● **RECORD SET**
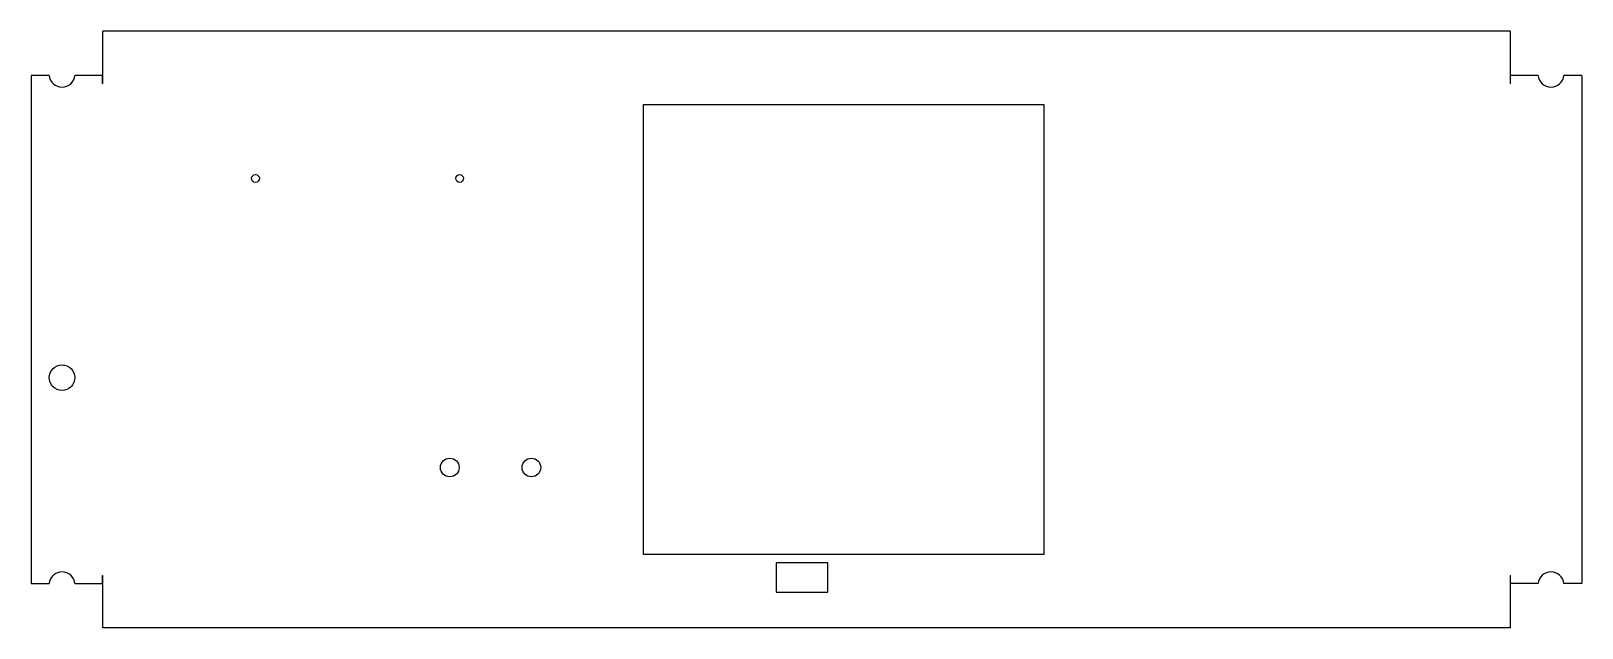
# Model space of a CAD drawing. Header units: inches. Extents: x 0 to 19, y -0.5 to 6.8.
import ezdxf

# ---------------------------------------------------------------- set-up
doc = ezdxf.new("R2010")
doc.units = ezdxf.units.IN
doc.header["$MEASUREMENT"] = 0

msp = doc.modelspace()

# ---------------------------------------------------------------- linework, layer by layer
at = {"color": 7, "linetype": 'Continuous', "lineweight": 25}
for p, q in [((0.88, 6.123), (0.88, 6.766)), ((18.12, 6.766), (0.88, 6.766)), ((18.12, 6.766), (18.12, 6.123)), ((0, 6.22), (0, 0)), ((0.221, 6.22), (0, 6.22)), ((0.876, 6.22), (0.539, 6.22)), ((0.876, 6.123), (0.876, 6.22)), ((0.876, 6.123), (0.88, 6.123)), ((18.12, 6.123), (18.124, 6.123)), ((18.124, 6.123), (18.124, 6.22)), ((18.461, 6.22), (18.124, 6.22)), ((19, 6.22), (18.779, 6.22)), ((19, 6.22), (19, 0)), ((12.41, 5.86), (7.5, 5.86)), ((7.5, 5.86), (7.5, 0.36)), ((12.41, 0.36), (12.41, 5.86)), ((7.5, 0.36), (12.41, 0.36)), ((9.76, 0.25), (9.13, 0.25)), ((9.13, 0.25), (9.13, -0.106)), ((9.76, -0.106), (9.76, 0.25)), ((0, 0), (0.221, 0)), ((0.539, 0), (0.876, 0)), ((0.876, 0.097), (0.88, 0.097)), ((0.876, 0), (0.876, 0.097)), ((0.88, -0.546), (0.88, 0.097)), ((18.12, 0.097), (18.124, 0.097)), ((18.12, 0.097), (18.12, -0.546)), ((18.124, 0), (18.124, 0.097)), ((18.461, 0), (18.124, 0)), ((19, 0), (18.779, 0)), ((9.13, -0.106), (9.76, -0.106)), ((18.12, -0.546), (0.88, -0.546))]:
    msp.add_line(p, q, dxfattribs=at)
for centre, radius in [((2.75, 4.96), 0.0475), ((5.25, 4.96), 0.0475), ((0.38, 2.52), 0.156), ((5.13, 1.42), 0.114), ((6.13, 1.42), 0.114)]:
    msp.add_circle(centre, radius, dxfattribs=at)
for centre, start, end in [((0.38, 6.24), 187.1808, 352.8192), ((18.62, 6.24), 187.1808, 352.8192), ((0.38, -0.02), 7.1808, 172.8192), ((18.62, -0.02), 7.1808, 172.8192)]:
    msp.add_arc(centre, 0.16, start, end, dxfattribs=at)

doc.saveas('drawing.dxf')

● **WHAT YOU WILL DO**
Search the listing for the word "ezdxf" and return each line that holds it.

● **TASK ANSWER**
import ezdxf
doc = ezdxf.new("R2010")
doc.units = ezdxf.units.IN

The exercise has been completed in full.